Dual of the bilinear space vs. the bilinear space of dual spaces

Question

Let $X$, $Y$ be vector spaces (not necessarily finite dimensional) over field $k$. Is it always true $B(X,Y)^* \simeq B\left(X^*, Y^*\right)$? Here $B(X, Y)$ is the space of bilinear forms $b: X\times Y \to k$.

Background: On one hand, by the universal property of the tensor product, we have $B(X,Y)^*\simeq (X\otimes Y)^{**}$. Hence, through the canonical embendding into the bidual, we have embedding $X\otimes Y \hookrightarrow B(X,Y)^*$. On the other hand, map $x\otimes y\mapsto B_{x,y}\in B\left(X^*, Y^*\right)$ defined as $B_{x,y}(f,g):=f(x)g(y)$ is an embedding $X\otimes Y\hookrightarrow B\left(X^*, Y^*\right)$. When $X$ and $Y$ are of finite dimensions, the two embeddings are isomorphisms, and so we would have $B(X,Y)^* \simeq B\left(X^*, Y^*\right)$. My question concerns what happens when they are infinitely dimensional.

Thanks in advance.

Answer 1

I think the answer is no. The following content is mainly (almost just a copy of the highest voted and accepted answer) from https://mathoverflow.net/questions/56255/duals-and-tensor-products

From $B(X,Y)^*\simeq (X\otimes Y)^{**}$ and $B(X^*,Y^*)\simeq (X^*\otimes Y^*)^{*}$. We just need to show that in general case $(X\otimes Y)^{*}$ does not (canonically) isomorphic to $X^*\otimes Y^*$. Usually one has the cannonical map $\mu: X^*\otimes Y^* \to (X\otimes Y)^{*}$ taking $\mu(f \otimes g)(x \otimes y)$ to $f(x)g(y)$. Hence the canonical map $\mu^*: B(X,Y)^* \to B(X^*,Y^*)$ taking $\phi: (X \times Y) \to k \to k $ to $\mu^*(\phi)(f, g)$ as $\phi(fg)$:

Next, we show (via an argument like Cantor's diagonal) that $\mu$ (and hence $\mu^*$) can be not an isomorphism in the infinite dimension case. Take $$X = Y = \bigoplus_{i \in \Bbb{N}} \Bbb{R}$$, i.e., the vector space consisting of all infinite sequences with only finite elements nonzero, as an example (In this case, their dual is the vector space consisting of all infinite sequences). And denote $$e_i = (0, \dots, 0, 1, 0, \dots)$$ be the element that only the $i$-th coordinate be $1$.
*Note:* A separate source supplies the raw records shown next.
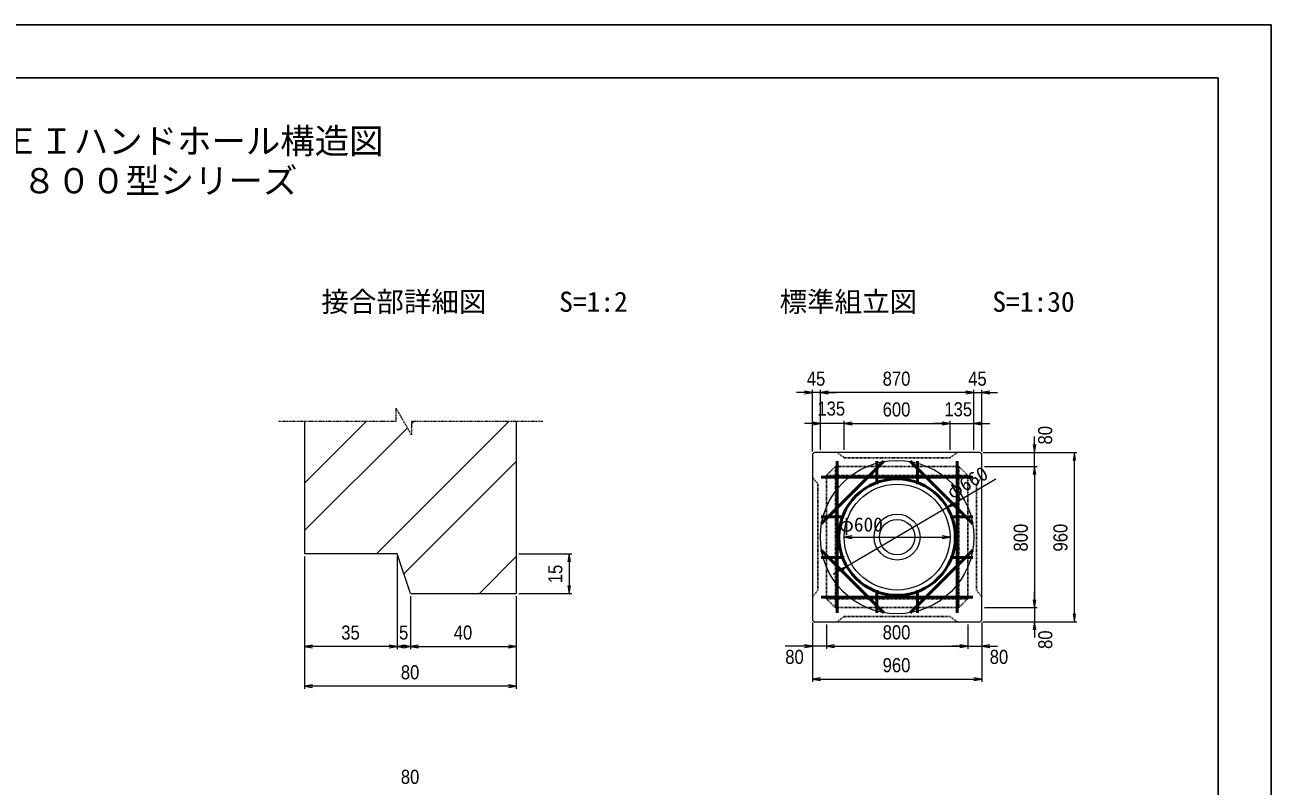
# Model space of a CAD drawing. Units: millimetres, scale not verified. Extents: x -210 to 210, y -148 to 148.
# Drawn here: x -25.5 to 210, y 4.7 to 148.5 of the extents above; entities that cross this region are included whole.
import ezdxf
from ezdxf.enums import TextEntityAlignment as Align

# ---------------------------------------------------------------- set-up
doc = ezdxf.new("R2010")
doc.units = ezdxf.units.MM
doc.linetypes.add('USER1', pattern=[12.95, 6.35, -3.175, 0.25, -3.175])
doc.linetypes.add('USER2', pattern=[4.7625, 3.175, -1.5875])
doc.layers.add('0-0', color=7, linetype='Continuous')
for name, color, linetype, lineweight in [('0-1_0', 9, 'Continuous', 25), ('0-2_dims', 2, 'Continuous', 13), ('0-3_pen1実線', 4, 'Continuous', 13), ('0-5_pen3実線', 7, 'Continuous', 18), ('0-6_pen4実線', 6, 'Continuous', 25), ('0-7_pen1一点', 4, 'USER1', 13), ('0-8_pen2破線', 3, 'USER2', 25), ('0-9_鉄筋１', 7, 'Continuous', 50), ('0-A_鉄筋２', 7, 'Continuous', 50), ('0-C_鉄筋', 7, 'Continuous', 50)]:
    doc.layers.add(name, color=color, linetype=linetype, lineweight=lineweight)
doc.styles.add('ＭＳ ゴシック', font='')
doc.styles.add('ＭＳ Ｐゴシック', font='')
doc.styles.get('ＭＳ ゴシック').set_extended_font_data('MS Gothic')
doc.styles.get('ＭＳ Ｐゴシック').set_extended_font_data('MS PGothic')

# ---------------------------------------------------------------- blocks, each defined once
blk = doc.blocks.new('部分図 1')
at = {"layer": '0-1_0'}
blk.add_lwpolyline([(0, 0), (12600, 0), (12600, 8910), (0, 8910)], close=True, dxfattribs=at)
at = {"layer": '0-2_dims'}
for p, q in [((10000, 6826), (9910, 6826)), ((10000, 6492), (10000, 6841)), ((10045, 6826), (10000, 6826)), ((10045, 6502), (10045, 6841)), ((10045, 6502), (10045, 6841)), ((10045, 6826), (10135, 6826)), ((10915, 6826), (10045, 6826)), ((10915, 6826), (10825, 6826)), ((10915, 6502), (10915, 6841)), ((10915, 6502), (10915, 6841)), ((10915, 6826), (10960, 6826)), ((10960, 6492), (10960, 6841)), ((10960, 6826), (11050, 6826)), ((10045, 6651.58), (9955, 6651.58)), ((10045, 6502), (10045, 6666.58)), ((10180, 6651.58), (10045, 6651.58)), ((10180, 6502), (10180, 6666.58)), ((10180, 6502), (10180, 6666.58)), ((10180, 6651.58), (10780, 6651.58)), ((10180, 6651.58), (10270, 6651.58)), ((10780, 6651.58), (10690, 6651.58)), ((10780, 6502), (10780, 6666.58)), ((10780, 6502), (10780, 6666.58)), ((10780, 6651.58), (10915, 6651.58)), ((10915, 6502), (10915, 6666.58)), ((10915, 6651.58), (11005, 6651.58)), ((11258.74, 6487), (11258.74, 6577)), ((10965, 6487), (11499.69, 6487)), ((10965, 6487), (11273.74, 6487)), ((11258.74, 6407), (11258.74, 6487)), ((11484.69, 5527), (11484.69, 6487)), ((10975, 6407), (11274.69, 6407)), ((10975, 6407), (11273.74, 6407)), ((11258.74, 6407), (11258.74, 6317)), ((11259.69, 6407), (11259.69, 5607)), ((7121.08, 5897.4), (7121.08, 5371.73)), ((7121.08, 5897.4), (7121.08, 5146.73)), ((7646.08, 5897.4), (7646.08, 5371.73)), ((7646.08, 5897.4), (7646.08, 5371.73)), ((8336.08, 5912.4), (8636.18, 5912.4)), ((8621.18, 5912.4), (8621.18, 5687.4)), ((7721.08, 5672.4), (7721.08, 5371.73)), ((7721.08, 5672.4), (7721.08, 5371.73)), ((8321.08, 5672.4), (8321.08, 5371.73)), ((8321.08, 5672.4), (8321.08, 5146.73)), ((8336.08, 5687.4), (8636.18, 5687.4)), ((11259.69, 5607), (11259.69, 5697)), ((10975, 5607), (11274.69, 5607)), ((10975, 5607), (11274.69, 5607)), ((11259.69, 5607), (11259.69, 5527)), ((10000, 5522), (10000, 5187)), ((10000, 5522), (10000, 5373.08)), ((10080, 5512), (10080, 5373.09)), ((10080, 5512), (10080, 5373.08)), ((10880, 5512), (10880, 5373.09)), ((10880, 5512), (10880, 5373.09)), ((10960, 5522), (10960, 5187)), ((10960, 5522), (10960, 5373.09)), ((10965, 5527), (11274.69, 5527)), ((10965, 5527), (11499.69, 5527)), ((11259.69, 5527), (11259.69, 5437)), ((7646.08, 5386.73), (7121.08, 5386.73)), ((7721.08, 5386.73), (7646.08, 5386.73)), ((7721.08, 5386.73), (8321.08, 5386.73)), ((10000, 5388.08), (9845.91, 5388.08)), ((10080, 5388.08), (10000, 5388.08)), ((10080, 5388.09), (10880, 5388.09)), ((10080, 5388.08), (10170, 5388.08)), ((10880, 5388.09), (10790, 5388.09)), ((10880, 5388.09), (10960, 5388.09)), ((10960, 5388.09), (11050, 5388.09)), ((8321.08, 5161.73), (7121.08, 5161.73)), ((10000, 5202), (10960, 5202))]:
    blk.add_line(p, q, dxfattribs=at)
at = {"layer": '0-2_dims', "lineweight": 18}
for p, q in [((10764.5, 6174.21), (11040.39, 6336.35)), ((10764.5, 6174.21), (10195.5, 5839.79)), ((10180, 6007), (10780, 6007)), ((10195.5, 5839.79), (10117.91, 5794.19))]:
    blk.add_line(p, q, dxfattribs=at)
at = {"layer": '0-2_dims'}
for points in [[(9955, 6818.5), (10000, 6826), (9955, 6833.5)], [(10090, 6833.5), (10045, 6826), (10090, 6818.5)], [(10090, 6833.5), (10045, 6826), (10090, 6818.5)], [(10870, 6818.5), (10915, 6826), (10870, 6833.5)], [(10870, 6818.5), (10915, 6826), (10870, 6833.5)], [(11005, 6833.5), (10960, 6826), (11005, 6818.5)], [(10000, 6644.08), (10045, 6651.58), (10000, 6659.08)], [(10225, 6659.08), (10180, 6651.58), (10225, 6644.08)], [(10225, 6659.08), (10180, 6651.58), (10225, 6644.08)], [(10735, 6644.08), (10780, 6651.58), (10735, 6659.08)], [(10735, 6644.08), (10780, 6651.58), (10735, 6659.08)], [(10960, 6659.08), (10915, 6651.58), (10960, 6644.08)], [(11251.24, 6532), (11258.74, 6487), (11266.24, 6532)], [(11492.19, 6442), (11484.69, 6487), (11477.19, 6442)], [(11266.24, 6362), (11258.74, 6407), (11251.24, 6362)], [(11267.19, 6362), (11259.69, 6407), (11252.19, 6362)], [(8628.68, 5867.4), (8621.18, 5912.4), (8613.68, 5867.4)], [(8613.68, 5732.4), (8621.18, 5687.4), (8628.68, 5732.4)], [(11252.19, 5652), (11259.69, 5607), (11267.19, 5652)], [(11252.19, 5652), (11259.69, 5607), (11267.19, 5652)], [(11267.19, 5482), (11259.69, 5527), (11252.19, 5482)], [(11477.19, 5572), (11484.69, 5527), (11492.19, 5572)], [(7166.08, 5394.23), (7121.08, 5386.73), (7166.08, 5379.23)], [(7601.08, 5379.23), (7646.08, 5386.73), (7601.08, 5394.23)], [(7691.08, 5394.23), (7646.08, 5386.73), (7691.08, 5379.23)], [(7676.08, 5379.23), (7721.08, 5386.73), (7676.08, 5394.23)], [(7766.08, 5394.23), (7721.08, 5386.73), (7766.08, 5379.23)], [(8276.08, 5379.23), (8321.08, 5386.73), (8276.08, 5394.23)], [(9955, 5380.58), (10000, 5388.08), (9955, 5395.58)], [(10125, 5395.59), (10080, 5388.09), (10125, 5380.59)], [(10125, 5395.58), (10080, 5388.08), (10125, 5380.58)], [(10835, 5380.59), (10880, 5388.09), (10835, 5395.59)], [(10835, 5380.59), (10880, 5388.09), (10835, 5395.59)], [(11005, 5395.59), (10960, 5388.09), (11005, 5380.59)], [(7166.08, 5169.23), (7121.08, 5161.73), (7166.08, 5154.23)], [(8276.08, 5154.23), (8321.08, 5161.73), (8276.08, 5169.23)], [(10045, 5209.5), (10000, 5202), (10045, 5194.5)], [(10915, 5194.5), (10960, 5202), (10915, 5209.5)]]:
    blk.add_lwpolyline(points, dxfattribs=at)
at = {"layer": '0-2_dims', "lineweight": 18}
for points in [[(10799.5, 6203.47), (10764.5, 6174.21), (10807.1, 6190.54)], [(10225, 6014.5), (10180, 6007), (10225, 5999.5)], [(10735, 5999.5), (10780, 6007), (10735, 6014.5)], [(10160.5, 5810.53), (10195.5, 5839.79), (10152.9, 5823.46)]]:
    blk.add_lwpolyline(points, dxfattribs=at)
at = {"layer": '0-3_pen1実線'}
for p, q in [((7121.08, 6312.86), (7470.62, 6662.4)), ((7528.84, 5912.4), (8278.84, 6662.4)), ((7726.88, 6649.25), (7740.03, 6662.4)), ((7121.08, 6043.45), (7704.24, 6626.61)), ((7684.13, 5798.27), (8321.08, 6435.23)), ((8112.07, 5687.4), (8321.08, 5896.41))]:
    blk.add_line(p, q, dxfattribs=at)
at = {"layer": '0-5_pen3実線'}
for p, q in [((7121.08, 6662.4), (7121.08, 5912.4)), ((8321.08, 6662.4), (8321.08, 5687.4)), ((10010, 6487), (10000, 6477)), ((10000, 6477), (10000, 5537)), ((10950, 6487), (10010, 6487)), ((10950, 6487), (10960, 6477)), ((10960, 5537), (10960, 6477)), ((7646.08, 5912.4), (7121.08, 5912.4)), ((7721.08, 5687.4), (7646.08, 5912.4)), ((7721.08, 5687.4), (8321.08, 5687.4)), ((10000, 5537), (10010, 5527)), ((10010, 5527), (10950, 5527)), ((10960, 5537), (10950, 5527))]:
    blk.add_line(p, q, dxfattribs=at)
for radius in [435, 300, 130, 100]:
    blk.add_circle((10480, 6007), radius, dxfattribs=at)
at = {"layer": '0-6_pen4実線'}
blk.add_lwpolyline([(300, 300), (12300, 300), (12300, 8610), (300, 8610)], close=True, dxfattribs=at)
at = {"layer": '0-7_pen1一点'}
for p, q in [((7640.28, 6662.4), (7640.28, 6737.4)), ((7726.88, 6587.4), (7640.28, 6737.4)), ((7640.28, 6662.4), (6971.08, 6662.4)), ((8471.08, 6662.4), (7726.88, 6662.4)), ((7726.88, 6662.4), (7726.88, 6587.4))]:
    blk.add_line(p, q, dxfattribs=at)
at = {"layer": '0-8_pen2破線'}
for p, q in [((10140, 6487), (10180, 6457)), ((10180, 6457), (10780, 6457)), ((10820, 6487), (10780, 6457)), ((10080, 6357), (10130, 6407)), ((10830, 6407), (10130, 6407)), ((10130, 6407), (10130, 5607)), ((10830, 6407), (10880, 6357)), ((10830, 6407), (10830, 5607)), ((10000, 6347), (10030, 6307)), ((10080, 6357), (10080, 5657)), ((10080, 6357), (10880, 6357)), ((10880, 5657), (10880, 6357)), ((10960, 6347), (10930, 6307)), ((10130, 5607), (10080, 5657)), ((10080, 5657), (10880, 5657)), ((10880, 5657), (10830, 5607)), ((10130, 5607), (10830, 5607)), ((10140, 5527), (10180, 5557)), ((10180, 5557), (10780, 5557)), ((10820, 5527), (10780, 5557))]:
    blk.add_line(p, q, dxfattribs=at)
for points in [[(10000, 5667), (10030, 5707), (10030, 6307)], [(10960, 5667), (10930, 5707), (10930, 6307)]]:
    blk.add_lwpolyline(points, dxfattribs=at)
at = {"layer": '0-9_鉄筋１'}
for p, q in [((10405.35, 6437), (10050, 6081.65)), ((10554.65, 6437), (10910, 6081.65)), ((10365, 6307), (10365, 6397)), ((10595, 6307), (10595, 6397)), ((10820, 6397), (10820, 5617)), ((10090, 6347), (10870, 6347)), ((10090, 6122), (10180, 6122)), ((10870, 6122), (10780, 6122)), ((10405.35, 5577), (10050, 5932.35)), ((10090, 5892), (10180, 5892)), ((10554.65, 5577), (10910, 5932.35)), ((10870, 5892), (10780, 5892)), ((10365, 5707), (10365, 5617)), ((10595, 5707), (10595, 5617))]:
    blk.add_line(p, q, dxfattribs=at)
blk.add_circle((10480, 6007), 330, dxfattribs=at)
at = {"layer": '0-A_鉄筋２'}
for p, q in [((10140, 6397), (10140, 6437)), ((10365, 6397), (10365, 6437)), ((10595, 6397), (10595, 6437)), ((10820, 6397), (10820, 6437)), ((10090, 6347), (10050, 6347)), ((10870, 6347), (10910, 6347)), ((10090, 6122), (10050, 6122)), ((10870, 6122), (10910, 6122)), ((10090, 5892), (10050, 5892)), ((10870, 5892), (10910, 5892)), ((10090, 5667), (10050, 5667)), ((10870, 5667), (10910, 5667)), ((10140, 5617), (10140, 5577)), ((10365, 5617), (10365, 5577)), ((10595, 5617), (10595, 5577)), ((10820, 5617), (10820, 5577))]:
    blk.add_line(p, q, dxfattribs=at)
at = {"layer": '0-C_鉄筋'}
for p, q in [((10140, 6397), (10140, 5617)), ((10090, 5667), (10870, 5667))]:
    blk.add_line(p, q, dxfattribs=at)
at = {"layer": '0-2_dims', "color": 7, "style": 'ＭＳ Ｐゴシック', "width": 0.9}
for s, p in [('45', (9967.95, 6841)), ('870', (10398.18, 6841)), ('45', (10882.95, 6841)), ('135', (10028.18, 6671.45)), ('600', (10398.18, 6666.58)), ('135', (10748.18, 6667.45)), ('35', (7329.04, 5401.73)), ('5', (7656.31, 5401.73)), ('40', (7966.54, 5401.73)), ('800', (10398.18, 5403.09)), ('80', (9845.91, 5263.99)), ('80', (11005, 5264)), ('960', (10398.18, 5217)), ('80', (7666.54, 5176.73)), ('80', (7666.54, 4584.24))]:
    blk.add_text(s, height=79.98, dxfattribs=at).set_placement(p, align=Align.BOTTOM_LEFT)
for s, p in [('80', (11382.83, 6532)), ('800', (11244.69, 5925.18)), ('960', (11469.69, 5925.18)), ('15', (8606.18, 5745.35)), ('80', (11383.78, 5372.91))]:
    blk.add_text(s, height=79.98, rotation=90, dxfattribs=at).set_placement(p, align=Align.BOTTOM_LEFT)
at = {"layer": '0-2_dims', "color": 7, "style": 'ＭＳ ゴシック'}
blk.add_text('φ660', height=80.65, rotation=30.443, dxfattribs=at).set_placement((10803.05, 6197.44), align=Align.BOTTOM_LEFT)
blk.add_text('φ600', height=80.65, dxfattribs=at).set_placement((10151.5, 6014), align=Align.BOTTOM_LEFT)
at = {"layer": '0-5_pen3実線', "style": 'ＭＳ ゴシック'}
for s, height, p in [('\u3000接合部詳細図\u3000', 114.4, (7059.66, 7249.52)), ('S=1:2', 114.3, (8564.39, 7249.54)), ('\u3000標準組立図\u3000', 114.3, (9658, 7249.52)), ('S=1:30', 114.4, (11019.65, 7249.51))]:
    blk.add_text(s, height=height, dxfattribs=at).set_placement(p, align=Align.BOTTOM_LEFT)
at = {"layer": '0-6_pen4実線', "style": 'ＭＳ ゴシック'}
for s, p in [('\u3000ＫＯＥＩハンドホール構造図\u3000', (4837.55, 8137.5)), ('８００型シリーズ', (5520.06, 7912.51))]:
    blk.add_text(s, height=143, dxfattribs=at).set_placement(p, align=Align.BOTTOM_LEFT)

msp = doc.modelspace()

# ---------------------------------------------------------------- block references
at = {"layer": '0-0', "xscale": 0.0333333, "yscale": 0.0333333}
msp.add_blockref('部分図 1', (-210, -148.5), dxfattribs=at)

doc.saveas('drawing.dxf')

Let $\xi \in (X\otimes Y)^{*}$ define by taking $e_i \otimes e_j$ to $1$ if $i = j$ and otherwise to $0$. Then $\xi$ can not be the image of $\mu: X^*\otimes Y^* \to (X\otimes Y)^{*}$. Otherwise say $\xi = \mu(\sum_{k = 1}^r \phi_k \otimes \psi_k)$ with $\phi_k \in X^*$ and $\psi_k \in Y^*$. Then one has

$$ \xi(e_i \otimes e_j) = \sum_{k = 1}^r \phi_k(e_i)\psi_k(e_j) $$

and for any positive integer $n$,

$$ \{\xi(e_i \otimes e_j)\}_{1 \leq i, j \leq n} = \{\phi_k(e_i)\}_{1 \leq i \leq n, 1 \leq k \leq r} \cdot \{\psi_k(e_j)\}_{1 \leq k \leq r, 1 \leq j \leq n} $$

But for any $n > r$, the left-hand side matrix of the above equation, being the identity matrix, has rank $n$ the right-hand side matrix, being the product of two at most rank $r$ matrices, has at most rank $r$. And it's a contradiction. Hence $\mu$ is not surjective.

And for $\mu^*: B(X,Y)^* \to B(X^*,Y^*)$ the situation is similar, and the dual element $\xi^{*}$ of the above $\xi$ is mapped to zero by $\mu^*$. Hence it's not injective. (The relation between $\mu$ and $\mu^*$ is showed in the following hand-drawn diagram. Check this too: Dual spaces isomorphic, implies vector spaces itself are isomorphic? )

Besides the above content, they could be isomorphic not via the canonical map, since they could have the same cardinality of the basis. For this maybe see Why are infinitely dimensional vector spaces not isomorphic to their duals? (Usually we only care about the canonical map).